In September, Shuanghui International received approval from the Committee on Foreign Investment in the United States (CFIUS) to purchase Virginia-based Smithfield Foods, the world’s largest pork producer, a deal worth $4.7 billion.  Despite its formal approval, the Smithfield deal represents just one of many Chinese investments in the United States that raises fear among some Americans of an aggressive China that seeks to poison our food and challenge us economically and militarily. Often overlooked are the benefits for the US economy including job creation and trade growth.

These two examples of tension in US-China relations—one political, the other economic—underscore the need for deeper understanding between our two countries. The risk of strategic miscalculation or lost economic opportunity is too great to ignore.  The US-China relationship is the most important, not only of the 21st century, but perhaps also of all time, and we must invest in it through our young people.
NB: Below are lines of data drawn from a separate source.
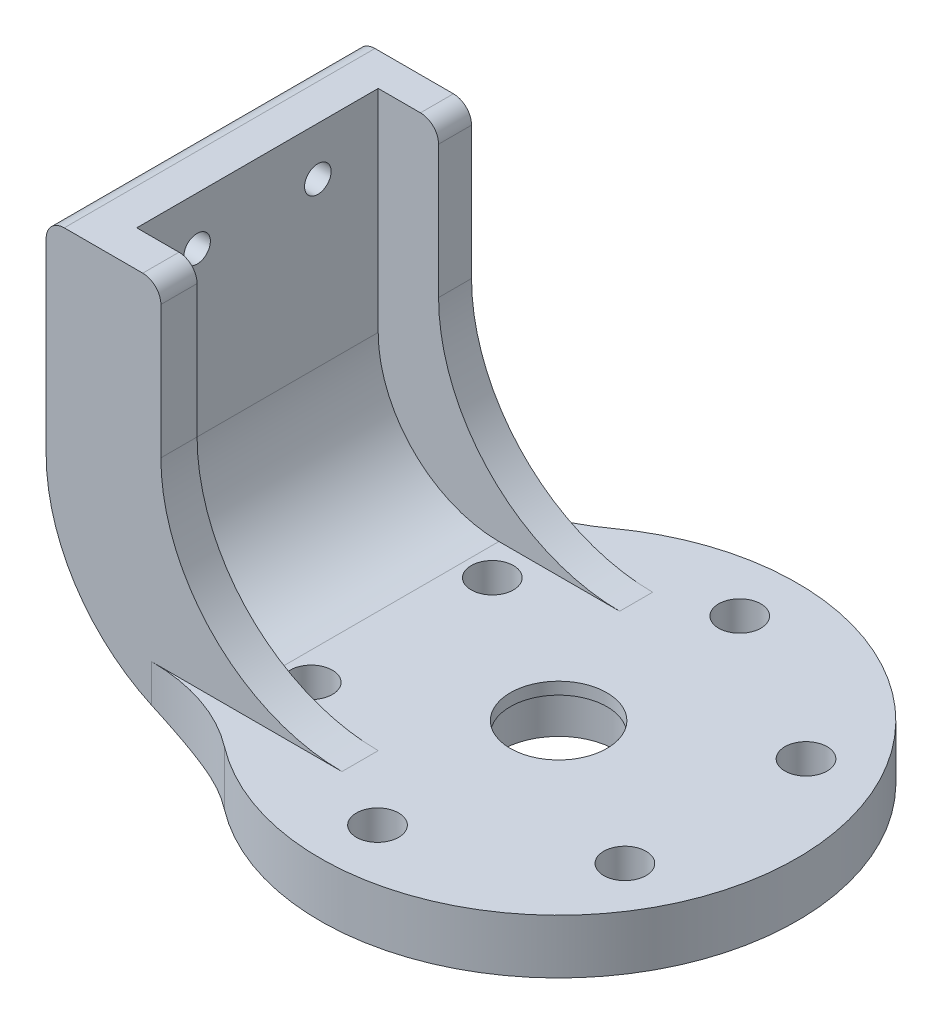
SolidWorks part; units mm, degrees
ref_plane "Front Plane" through (0, 0, 0) normal (0, 0, 1) x (1, 0, 0)
ref_plane "Top Plane" through (0, 0, 0) normal (0, 1, 0) x (1, 0, 0)
ref_plane "Right Plane" through (0, 0, 0) normal (1, 0, 0) x (0, 0, -1)
sketch "Sketch1" plane through (0, 0, 0) normal (0, 1, 0) x (1, 0, 0)
  line L0 (-13.6799, -98.3725) -> (-13.6799, -46.9101)
  line L1 (-13.6799, -46.9101) -> (5.0693, -46.9101)
  line L2 (3.5509, -46.9101) -> (5.0693, -46.9101)
  line L3 (-13.6799, -98.3725) -> (3.7953, -98.3725)
  arc A0 (21.9912, -104.5207) -> (22.7153, -41.1716) centre (45.9492, -73.1159) ccw
  circle A1 centre (45.9492, -73.1159) radius 9.52
  arc A2 (22.7153, -41.1716) -> (5.0693, -46.9101) centre (5.0693, -16.9101) cw
  arc A3 (21.9912, -104.5207) -> (3.7953, -98.3725) centre (3.7953, -128.3725) ccw
  dimension "D1" = 30
  dimension "D2" = 30
extrude "Boss-Extrude1" add sketch "Sketch1" along normal blind 9 contours A3 A0 A2 L1 L0 L3 A1
sketch "Sketch2" plane through (0, 9, 0) normal (0, 1, 0) x (1, 0, 0)
  line L1 (-13.6799, -46.9101) -> (-4.6799, -46.9101)
  line L2 (-13.6799, -46.9101) -> (-13.6799, -98.3725)
  line L3 (-13.6799, -98.3725) -> (-4.6799, -98.3725)
  line L4 (-4.6799, -52.3725) -> (-4.6799, -92.3725)
  line L5 (-4.6799, -46.9101) -> (5.3201, -46.9101)
  line L7 (-4.6799, -52.3725) -> (5.3201, -52.3725)
  line L8 (5.3201, -46.9101) -> (5.3201, -52.3725)
  line L9 (-4.6799, -98.3725) -> (5.3201, -98.3725)
  line L11 (-4.6799, -92.3725) -> (5.3201, -92.3725)
  line L12 (5.3201, -98.3725) -> (5.3201, -92.3725)
extrude "Boss-Extrude2" add sketch "Sketch2" along normal blind 55
fillet "Fillet1" radius 30 2 edges at (5.3201, 9, 95.3725) (5.3201, 9, 49.6413)
fillet "Fillet2" radius 20 1 edges at (-4.6799, 9, 72.3725)
fillet "Fillet3" radius 30 1 edges at (-13.6799, 0, 72.6413)
fillet "Fillet8" radius 3 3 edges at (5.3201, 64, 49.6413) (-13.6799, 64, 72.6413) (5.3201, 64, 95.3725)
sketch "Sketch3" plane through (-4.6799, 0, 0) normal (1, 0, 0) x (0, 0, -1)
  line L0 (-72.3725, 64) -> (-72.3725, 56)
  line L1 (-92.3725, 64) -> (-52.3725, 64) construction
  line L2 (-72.3725, 56) -> (-62.3725, 56)
  line L3 (-72.3725, 56) -> (-82.3725, 56)
  circle A0 centre (-62.3725, 56) radius 2.2
  circle A1 centre (-82.3725, 56) radius 2.2
extrude "Cut-Extrude1" cut sketch "Sketch3" against normal blind 56
sketch "Sketch4" plane through (0, 9, 0) normal (0, 1, 0) x (1, 0, 0)
  circle A0 centre (45.9492, -73.1159) radius 9.52
  circle A1 centre (45.9492, -73.1159) radius 8
extrude "Boss-Extrude3" add sketch "Sketch4" against normal blind 2
sketch "Sketch5" plane through (0, 0, 0) normal (0, -1, 0) x (1, 0, 0)
  circle A1 centre (19.9685, 88.1159) radius 3.5
  circle A2 centre (45.9492, 103.1159) radius 3.5
  circle A3 centre (71.93, 88.1159) radius 3.5
  circle A4 centre (71.93, 58.1159) radius 3.5
  circle A5 centre (45.9492, 43.1159) radius 3.5
  circle A6 centre (19.9685, 58.1159) radius 3.5
  point P17 (45.9492, 73.1159)
  dimension "D1" = 6
extrude "Cut-Extrude2" cut sketch "Sketch5" against normal blind 24
sketch "Sketch6" plane through (0, 0, 0) normal (0, -1, 0) x (1, 0, 0)
  circle A1 centre (35.9492, 90.4364) radius 3.5
  circle A2 centre (55.9492, 90.4364) radius 3.5
  circle A3 centre (65.9492, 73.1159) radius 3.5
  circle A4 centre (55.9492, 55.7953) radius 3.5
  circle A5 centre (35.9492, 55.7953) radius 3.5
  circle A6 centre (25.9492, 73.1159) radius 3.5
  point P17 (45.9492, 73.1159)
  dimension "D1" = 6

That is the message that US Secretary of State John Kerry and Chinese Vice Premier Liu Yandong delivered in November when they convened in WashingtonMadame Liu stated: “History will prove that our efforts here today for youth exchange between our two countries will, without a doubt, become the most valuable resource for the future of China-US relations.”

A former senior Obama administration official told us that US-China efforts to strengthen ties between our young people have all but rescued the relationship in recent years; tension during the crisis over the so-called blind dissident Chen Guangcheng’s effort to take refuge in the US embassy in May 2012 was diffused in part by the US and Chinese leadership’s participation in an event with students. Ties between our students help bank significant goodwill that can be drawn on in the face of significant diplomatic or economic challenges; they also ensure that our next generation of leaders has the necessary skills to manage these challenges in the future. But are we as a nation making the necessary investment?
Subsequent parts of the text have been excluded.